# One of my cats is a Persian and....



## ChattyCathy (Nov 22, 2008)

because it's so cold out and it's dry in the house his coat stands on end when I brush him. Is there something I can put on his coat to stop this? Or w/Persians is that just a fact of life in the Winter?

(I do use a humidifier and it's working well. There is always condensation on my windows so I know himidity doesn't seem to be lacking. I'm afraid to turn the humidifier higher as according to my gages it's at a good humidity in the house.)


----------



## TippysMom (Oct 3, 2008)

Cloudstar has a leave in conditioner that might help. My brother used it on his persian & it worked great. It's meant for dogs, but he uses it anyway.

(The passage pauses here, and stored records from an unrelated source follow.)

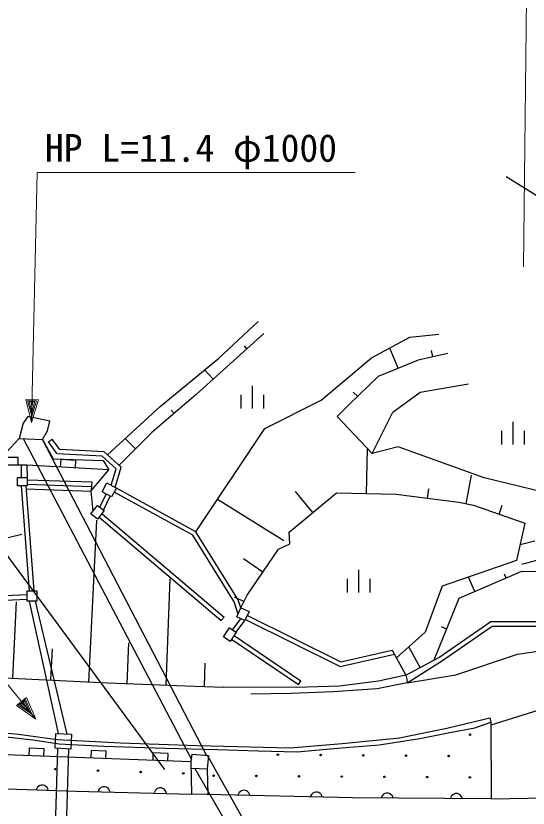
# Model space of a CAD drawing. Units: millimetres, scale not verified. Extents: x 40000 to 680000, y 20000 to 380000.
# Drawn here: x 460944 to 494883, y 265844 to 318326 of the extents above; entities that cross this region are included whole.
import ezdxf
from ezdxf.enums import TextEntityAlignment as Align

# ---------------------------------------------------------------- set-up
doc = ezdxf.new("R2010")
doc.units = ezdxf.units.MM
doc.header["$LTSCALE"] = 1000
for name, color, linetype, lineweight in [('M-BGD', 7, 'Continuous', 25), ('M-STR-HTXT', 7, 'Continuous', 13), ('M-STR-STRC', 7, 'Continuous', 25)]:
    doc.layers.add(name, color=color, linetype=linetype, lineweight=lineweight)
doc.styles.add('ＭＳ ゴシック', font='')
doc.styles.get('ＭＳ ゴシック').set_extended_font_data('MS Gothic')

msp = doc.modelspace()

# ---------------------------------------------------------------- linework, layer by layer
at = {"layer": 'M-BGD'}
for p, q in [((474369, 295632), (477007, 298086)), ((477375, 297288), (472897, 293239)), ((487049, 297039), (488964, 297235)), ((484497, 295665), (487049, 297039)), ((476256, 296276), (476092, 296457)), ((486264, 294978), (485717, 296321)), ((488571, 295738), (488475, 296166)), ((470504, 292441), (474369, 295632)), ((481160, 292867), (484497, 295665)), ((487589, 295518), (484939, 294438)), ((489553, 295959), (487589, 295518)), ((474016, 294251), (473452, 294875)), ((484939, 294438), (483025, 292573)), ((487737, 293407), (490927, 293947)), ((476599, 293826), (476599, 292326)), ((483589, 293113), (483300, 293407)), ((485921, 292082), (487737, 293407)), ((472897, 293239), (469952, 290724)), ((475849, 293226), (475849, 292326)), ((477349, 293226), (477349, 292326)), ((477429, 291002), (481160, 292867)), ((467012, 289257), (470504, 292441)), ((483025, 292573), (482239, 291787)), ((471424, 291981), (471241, 292196)), ((484546, 289333), (485921, 292082)), ((461421, 291350), (461170, 290336)), ((461735, 291782), (461421, 291350)), ((463188, 291468), (461735, 291782)), ((463031, 290839), (463188, 291468)), ((482239, 291787), (484546, 289333)), ((493873, 291441), (493873, 289941)), ((462701, 290258), (463031, 290839)), ((472879, 284155), (477429, 291002)), ((493123, 290841), (493123, 289941)), ((494623, 290841), (494623, 289941)), ((459521, 288569), (461170, 290336)), ((461170, 290336), (462701, 290258)), ((461437, 290323), (472578, 269068)), ((462701, 290258), (463424, 288994)), ((473580, 269347), (462701, 290258)), ((463114, 290116), (463358, 290291)), ((463849, 289603), (463358, 290291)), ((469952, 290724), (467780, 288555)), ((468866, 289639), (468182, 290324)), ((463689, 289311), (463114, 290116)), ((486264, 289775), (484546, 289333)), ((491958, 287714), (486264, 289775)), ((466671, 289162), (463689, 289311)), ((466793, 289456), (463849, 289603)), ((467922, 288425), (466793, 289456)), ((484165, 286690), (484240, 289659)), ((461100, 289069), (460100, 289069)), ((461100, 288569), (461100, 289069)), ((463424, 288994), (466722, 288876)), ((463919, 288941), (463890, 288441)), ((464918, 288883), (463919, 288941)), ((464889, 288383), (464918, 288883)), ((467581, 288331), (466671, 289162)), ((466722, 288876), (467099, 288255)), ((461288, 288569), (459521, 288569)), ((461680, 288569), (461288, 288569)), ((461288, 288569), (461303, 287741)), ((467099, 288255), (461680, 288569)), ((461680, 288569), (461696, 287741)), ((465921, 286842), (467099, 288255)), ((467254, 287235), (467581, 288331)), ((467524, 287090), (467922, 288425)), ((461058, 287201), (461058, 287741)), ((461058, 287741), (461696, 287741)), ((461696, 287741), (461696, 287201)), ((490775, 286012), (491139, 287893)), ((495884, 286781), (491958, 287714)), ((461696, 287201), (461058, 287201)), ((461296, 287201), (461836, 280231)), ((461597, 287201), (462137, 280231)), ((461696, 287597), (465969, 287449)), ((461696, 287297), (465959, 287149)), ((465959, 287149), (465921, 286842)), ((465969, 287449), (465959, 287149)), ((466653, 286808), (466966, 287391)), ((466966, 287391), (467604, 287047)), ((461613, 286997), (465921, 286842)), ((465921, 286842), (466050, 285507)), ((466508, 285776), (466919, 286647)), ((467291, 286465), (466653, 286808)), ((467604, 287047), (467291, 286465)), ((472666, 283930), (467460, 286784)), ((472879, 284155), (467604, 287047)), ((479048, 284126), (482189, 286740)), ((480619, 285433), (479469, 286814)), ((482189, 286740), (486142, 286640)), ((486142, 286640), (490288, 286106)), ((488215, 286373), (488296, 287003)), ((466751, 285587), (467190, 286519)), ((478696, 283561), (474302, 286295)), ((490288, 286106), (491262, 285917)), ((465917, 285336), (466353, 285896)), ((466353, 285896), (466794, 285553)), ((466794, 285553), (466358, 284992)), ((491262, 285917), (494654, 284724)), ((492958, 285321), (493168, 285917)), ((466358, 284992), (465917, 285336)), ((466458, 285120), (474548, 278266)), ((466652, 285349), (474742, 278495)), ((465782, 274199), (466305, 284919)), ((494654, 284724), (494120, 282242)), ((459763, 283620), (461352, 283982)), ((475403, 279512), (472666, 283930)), ((475677, 279640), (472879, 284155)), ((479098, 283347), (479048, 284126)), ((476259, 279955), (478344, 282995)), ((478344, 282995), (479098, 283347)), ((477302, 281475), (476023, 282352)), ((494120, 282242), (489189, 280546)), ((483654, 281632), (483654, 280132)), ((490314, 279755), (494460, 281545)), ((493424, 281098), (493322, 281334)), ((494460, 281545), (496855, 281517)), ((470900, 273992), (471166, 281043)), ((482904, 281032), (482904, 280132)), ((484404, 281032), (484404, 280132)), ((491351, 280202), (490942, 281149)), ((489189, 280546), (488052, 277493)), ((459413, 279890), (461696, 279989)), ((461696, 279544), (461696, 280231)), ((461696, 280231), (462334, 280231)), ((462334, 280231), (462334, 279544)), ((476057, 279530), (475428, 279829)), ((475854, 279105), (476259, 279955)), ((488658, 275659), (490314, 279755)), ((459431, 279591), (461696, 279689)), ((460751, 274444), (460998, 279513)), ((462334, 279544), (461696, 279544)), ((461830, 279544), (463742, 270784)), ((462223, 279544), (464329, 270756)), ((475672, 278703), (475403, 279512)), ((475854, 279105), (475677, 279640)), ((475586, 278513), (475854, 279105)), ((475854, 279105), (476394, 278860)), ((476394, 278860), (476125, 278268)), ((474548, 278266), (474742, 278495)), ((475294, 277661), (475846, 278395)), ((475544, 277494), (476125, 278268)), ((476125, 278268), (475586, 278513)), ((476159, 278341), (482426, 275227)), ((476283, 278615), (482464, 275543)), ((488967, 275825), (492400, 278199)), ((492400, 278199), (496988, 278199)), ((474702, 277188), (475102, 277789)), ((475102, 277789), (475544, 277494)), ((489133, 275575), (492494, 277899)), ((489486, 277707), (489133, 277849)), ((492494, 277899), (496955, 277899)), ((475144, 276894), (474702, 277188)), ((475544, 277494), (475144, 276894)), ((475400, 277277), (479830, 274282)), ((488052, 277493), (486152, 275805)), ((468326, 274089), (468428, 276791)), ((475233, 277028), (479662, 274033)), ((463266, 274322), (463368, 276405)), ((482464, 275543), (485872, 276312)), ((485872, 276312), (486786, 274654)), ((487722, 275157), (486979, 276540)), ((494167, 276043), (497357, 276533)), ((482426, 275227), (486023, 276038)), ((486786, 274654), (488967, 275825)), ((486875, 274147), (489133, 275575)), ((490093, 274668), (494167, 276043)), ((473439, 273906), (473485, 275450)), ((459493, 274506), (467039, 274138)), ((486786, 274654), (484964, 274246)), ((486786, 274654), (486836, 274382)), ((486875, 274147), (490093, 274668)), ((467039, 274138), (472186, 273943)), ((479662, 274033), (479830, 274282)), ((484964, 274246), (482388, 273932)), ((486875, 274147), (484872, 273754)), ((486836, 274382), (486875, 274147)), ((472186, 273943), (474692, 273869)), ((479530, 273838), (474692, 273869)), ((479179, 273440), (476509, 273401)), ((481967, 273558), (479179, 273440)), ((482388, 273932), (479530, 273838)), ((484872, 273754), (481967, 273558)), ((495581, 272345), (492414, 271348)), ((489489, 271152), (492344, 271832)), ((491356, 271168), (492413, 271540)), ((492344, 271832), (492413, 271540)), ((492413, 271540), (492424, 266456)), ((455923, 271242), (461112, 270739)), ((486351, 270493), (489489, 271152)), ((487716, 270451), (489691, 270854)), ((489691, 270854), (491356, 271168)), ((459302, 270679), (462067, 270378)), ((461112, 270739), (463692, 270399)), ((462067, 270378), (463822, 270106)), ((463548, 269809), (463595, 270791)), ((463595, 270791), (464625, 270742)), ((463692, 270399), (467887, 270180)), ((464625, 270742), (464579, 269760)), ((482554, 270121), (486384, 270498)), ((485015, 270043), (487716, 270451)), ((461829, 269811), (461810, 269312)), ((462828, 269774), (461829, 269811)), ((462809, 269274), (462828, 269774)), ((463697, 269802), (463352, 258394)), ((464579, 269760), (463548, 269809)), ((463822, 270106), (466775, 269949)), ((464436, 269767), (464088, 258394)), ((466775, 269949), (470859, 269823)), ((467887, 270180), (472967, 269992)), ((470859, 269823), (474272, 269728)), ((472967, 269992), (479117, 269840)), ((479117, 269840), (482554, 270121)), ((479581, 269571), (482251, 269823)), ((482251, 269823), (485015, 270043)), ((472559, 268906), (460260, 269370)), ((465929, 269657), (465910, 269157)), ((466928, 269619), (465929, 269657)), ((466909, 269119), (466928, 269619)), ((470029, 269502), (470010, 269002)), ((471028, 269464), (470029, 269502)), ((471009, 268965), (471028, 269464)), ((472559, 268906), (472618, 269430)), ((472618, 269430), (473717, 269336)), ((473717, 269336), (473623, 268456)), ((480120, 257834), (473641, 269342)), ((474272, 269728), (477005, 269634)), ((477005, 269634), (479581, 269571)), ((472610, 266770), (472559, 268906)), ((472569, 268488), (473623, 268456)), ((472810, 268481), (479416, 256952)), ((473623, 268456), (473655, 266745)), ((455990, 267260), (464922, 266965)), ((462324, 267147), (462289, 267052)), ((462375, 267225), (462324, 267147)), ((462458, 267303), (462375, 267225)), ((462539, 267348), (462458, 267303)), ((462636, 267377), (462539, 267348)), ((462764, 267372), (462636, 267377)), ((462859, 267337), (462764, 267372)), ((462937, 267287), (462859, 267337)), ((463015, 267204), (462937, 267287)), ((463060, 267123), (463015, 267204)), ((466552, 267189), (466471, 267111)), ((466633, 267235), (466552, 267189)), ((466730, 267266), (466633, 267235)), ((466858, 267263), (466730, 267266)), ((466953, 267229), (466858, 267263)), ((467032, 267180), (466953, 267229)), ((467111, 267098), (467032, 267180)), ((470364, 267162), (470283, 267115)), ((470460, 267192), (470364, 267162)), ((470588, 267189), (470460, 267192)), ((470684, 267155), (470588, 267189)), ((470763, 267106), (470684, 267155)), ((463089, 267026), (463060, 267123)), ((464922, 266965), (472610, 266770)), ((466421, 267032), (466387, 266936)), ((466471, 267111), (466421, 267032)), ((467157, 267017), (467111, 267098)), ((467187, 266920), (467157, 267017)), ((470152, 266958), (470118, 266863)), ((470201, 267037), (470152, 266958)), ((470283, 267115), (470201, 267037)), ((470841, 267024), (470763, 267106)), ((470887, 266943), (470841, 267024)), ((470917, 266847), (470887, 266943)), ((483251, 266519), (472610, 266770)), ((475688, 266793), (475654, 266698)), ((475738, 266872), (475688, 266793)), ((475820, 266950), (475738, 266872)), ((475901, 266997), (475820, 266950)), ((475998, 267026), (475901, 266997)), ((476126, 267023), (475998, 267026)), ((476221, 266989), (476126, 267023)), ((476300, 266939), (476221, 266989)), ((476378, 266857), (476300, 266939)), ((476424, 266776), (476378, 266857)), ((476454, 266679), (476424, 266776)), ((480487, 266680), (480452, 266585)), ((480537, 266759), (480487, 266680)), ((480618, 266837), (480537, 266759)), ((480700, 266883), (480618, 266837)), ((480796, 266913), (480700, 266883)), ((480924, 266910), (480796, 266913)), ((481019, 266876), (480924, 266910)), ((481098, 266826), (481019, 266876)), ((481176, 266744), (481098, 266826)), ((481222, 266663), (481176, 266744)), ((481252, 266566), (481222, 266663)), ((485226, 266682), (485177, 266602)), ((485306, 266761), (485226, 266682)), ((485387, 266809), (485306, 266761)), ((485483, 266840), (485387, 266809)), ((485611, 266839), (485483, 266840)), ((485707, 266806), (485611, 266839)), ((485786, 266758), (485707, 266806)), ((485866, 266677), (485786, 266758)), ((485913, 266597), (485866, 266677)), ((489812, 266650), (489763, 266571)), ((489892, 266730), (489812, 266650)), ((489973, 266777), (489892, 266730)), ((490069, 266809), (489973, 266777)), ((490197, 266808), (490069, 266809)), ((490293, 266775), (490197, 266808)), ((490372, 266726), (490293, 266775)), ((490452, 266646), (490372, 266726)), ((490499, 266566), (490452, 266646)), ((492424, 266456), (483251, 266519)), ((485177, 266602), (485144, 266506)), ((485944, 266501), (485913, 266597)), ((489763, 266571), (489731, 266475)), ((490531, 266469), (490499, 266566)), ((492424, 266456), (498879, 266593))]:
    msp.add_line(p, q, dxfattribs=at)
for points in [[(493417, 307691), (495638, 306321)], [(494347, 283298), (495329, 283554)], [(494473, 282005), (495459, 282274), (496445, 282434), (496989, 282435), (497774, 282294), (498346, 282088), (499065, 281705), (500496, 280573), (501995, 279586), (506866, 277895)]]:
    msp.add_lwpolyline(points, dxfattribs=at)
for centre in [(491038, 270709), (478301, 269382), (481130, 269362), (483958, 269343), (486786, 269323), (489615, 269304), (463555, 268425), (466382, 268332), (469209, 268239), (472036, 268146), (474049, 267996), (476877, 267977), (479706, 267958), (482534, 267938), (485362, 267919), (488191, 267900), (491019, 267880)]:
    msp.add_circle(centre, 50, dxfattribs=at)
at = {"layer": 'M-STR-HTXT'}
for p, q in [((494815, 324234), (494576, 301706)), ((461985, 291397), (462361, 307947)), ((462361, 307947), (483417, 307947)), ((462273, 271746), (435220, 304754)), ((461985, 291397), (461599, 292906)), ((461599, 292906), (462439, 292887)), ((462439, 292887), (461985, 291397)), ((461995, 291817), (461718, 292844)), ((461718, 292844), (462318, 292830)), ((462000, 292057), (461837, 292781)), ((461837, 292781), (462197, 292773)), ((462008, 292417), (461955, 292718)), ((461955, 292718), (462075, 292716)), ((462318, 292830), (461995, 291817)), ((462197, 292773), (462000, 292057)), ((462075, 292716), (462008, 292417)), ((460997, 272639), (461647, 273172)), ((461128, 272669), (461592, 273049)), ((461259, 272699), (461537, 272927)), ((461537, 272927), (461855, 272256)), ((461592, 273049), (462007, 272070)), ((461647, 273172), (462273, 271746)), ((462273, 271746), (460997, 272639)), ((462007, 272070), (461128, 272669)), ((461855, 272256), (461259, 272699)), ((461390, 272728), (461483, 272805)), ((461626, 272534), (461390, 272728)), ((461483, 272805), (461626, 272534))]:
    msp.add_line(p, q, dxfattribs=at)
at = {"layer": 'M-STR-STRC'}
msp.add_line((444327, 304349), (470785, 268401), dxfattribs=at)

# ---------------------------------------------------------------- texts
at = {"layer": 'M-STR-HTXT', "style": 'ＭＳ ゴシック'}
msp.add_text('HP L=11.4 φ1000', height=1833, dxfattribs=at).set_placement((462870, 308110), align=Align.BOTTOM_LEFT)

doc.saveas('drawing.dxf')

It's called Buddy Splash, I think. Cloudstar.com is the site. They might also sell it at PetCo, I've seen some of their products there.....


----------



## ChattyCathy (Nov 22, 2008)

TippysMom said:


> Cloudstar has a leave in conditioner that might help. My brother used it on his persian & it worked great. It's meant for dogs, but he uses it anyway. It's called Buddy Splash, I think. Cloudstar.com is the site. They might also sell it at PetCo, I've seen some of their products there.....


Thx. I'll check both of them out.


----------